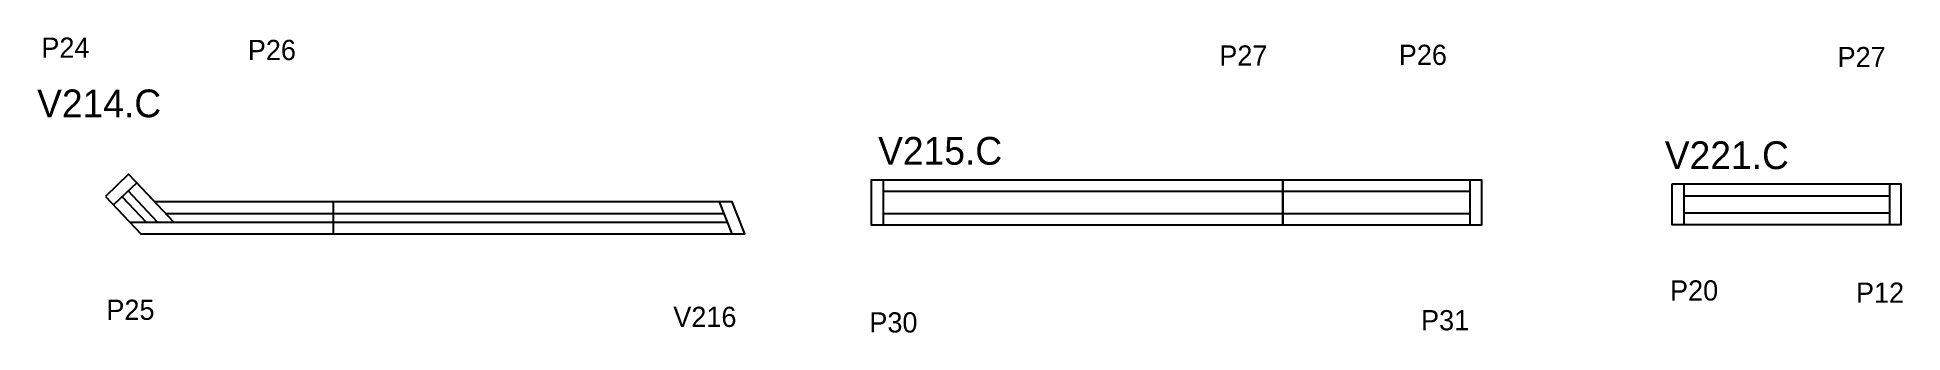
# Model space of a CAD drawing. Header units: metres. Extents: x 1678 to 2785, y 16542 to 16718.
import ezdxf

# ---------------------------------------------------------------- set-up
doc = ezdxf.new("R2010")
doc.units = ezdxf.units.M
for name, color, linetype in [('5', 7, 'Continuous'), ('NOMENCLATURA', 7, 'Continuous'), ('Painéis', 7, 'Continuous'), ('SARR_2.2x7', 7, 'Continuous')]:
    doc.layers.add(name, color=color, linetype=linetype)

msp = doc.modelspace()

# ---------------------------------------------------------------- linework, layer by layer
at = {"layer": 'Painéis', "color": 7, "lineweight": 25}
msp.add_line((1853.7, 16600.9), (1853.7, 16619.9), dxfattribs=at)
for points in [[(1718.3, 16623.2), (1739.4, 16600.9), (2097.7, 16600.9), (2090.1, 16619.9), (1747.6, 16619.9), (1732.1, 16636.3), (1718.3, 16623.2)], [(2647.6, 16630.4), (2647.6, 16606.4), (2783.6, 16606.4), (2783.6, 16630.4), (2647.6, 16630.4)]]:
    msp.add_lwpolyline(points, dxfattribs=at)
for points in [[(2416.7, 16606), (2172.7, 16606), (2172.7, 16633), (2416.7, 16633)], [(2416.7, 16633), (2534.7, 16633), (2534.7, 16606), (2416.7, 16606)]]:
    msp.add_lwpolyline(points, close=True, dxfattribs=at)
at = {"layer": 'SARR_2.2x7', "color": 7, "lineweight": 25}
for p, q in [((2179.7, 16633), (2179.7, 16606)), ((2527.7, 16633), (2527.7, 16606)), ((1736.9, 16631.2), (1723.1, 16618.1)), ((1728.2, 16622.9), (1742.4, 16607.9)), ((1749.3, 16607.9), (1731.8, 16626.4)), ((1758.9, 16607.9), (1736.7, 16631.4)), ((2416.7, 16626), (2179.7, 16626)), ((2527.7, 16626), (2416.7, 16626)), ((2654.6, 16630.4), (2654.6, 16606.4)), ((2776.6, 16623.4), (2654.6, 16623.4)), ((2776.6, 16630.4), (2776.6, 16606.4)), ((1853.7, 16612.9), (1754.2, 16612.9)), ((2085.4, 16612.9), (1853.7, 16612.9)), ((2090.1, 16600.9), (2082.6, 16619.9)), ((2179.7, 16613), (2416.7, 16613)), ((2416.7, 16613), (2527.7, 16613)), ((2654.6, 16613.4), (2776.6, 16613.4)), ((1732.8, 16607.9), (1853.7, 16607.9)), ((1853.7, 16607.9), (2087.4, 16607.9))]:
    msp.add_line(p, q, dxfattribs=at)

# ---------------------------------------------------------------- texts
at = {"layer": '5', "color": 7, "lineweight": 25}
for s, p in [('P24', (1680.3, 16705.6)), ('P26', (1802.8, 16704.2)), ('P27', (2379.1, 16700.9)), ('P26', (2485.6, 16701.3)), ('P27', (2745.9, 16700)), ('P20', (2646.5, 16561.3)), ('P12', (2756.8, 16560)), ('P25', (1718.9, 16549.8)), ('V216', (2055.2, 16545.6)), ('P31', (2498.8, 16543.6)), ('P30', (2171.5, 16542.3))]:
    msp.add_text(s, height=12, dxfattribs=at).set_placement(p)
at = {"layer": 'NOMENCLATURA', "color": 7, "lineweight": 25}
for s, p in [('V214.C', (1677.8, 16670.2)), ('V215.C', (2176.7, 16642)), ('V221.C', (2643.4, 16639.4))]:
    msp.add_text(s, height=16.5, dxfattribs=at).set_placement(p)

doc.saveas('drawing.dxf')

> [Instructions to follow]
Scan the listing for the string "NOMENCLATURA" and copy every line that carries it.

> [Response area]
for name, color, linetype in [('5', 7, 'Continuous'), ('NOMENCLATURA', 7, 'Continuous'), ('Painéis', 7, 'Continuous'), ('SARR_2.2x7', 7, 'Continuous')]:
at = {"layer": 'NOMENCLATURA', "color": 7, "lineweight": 25}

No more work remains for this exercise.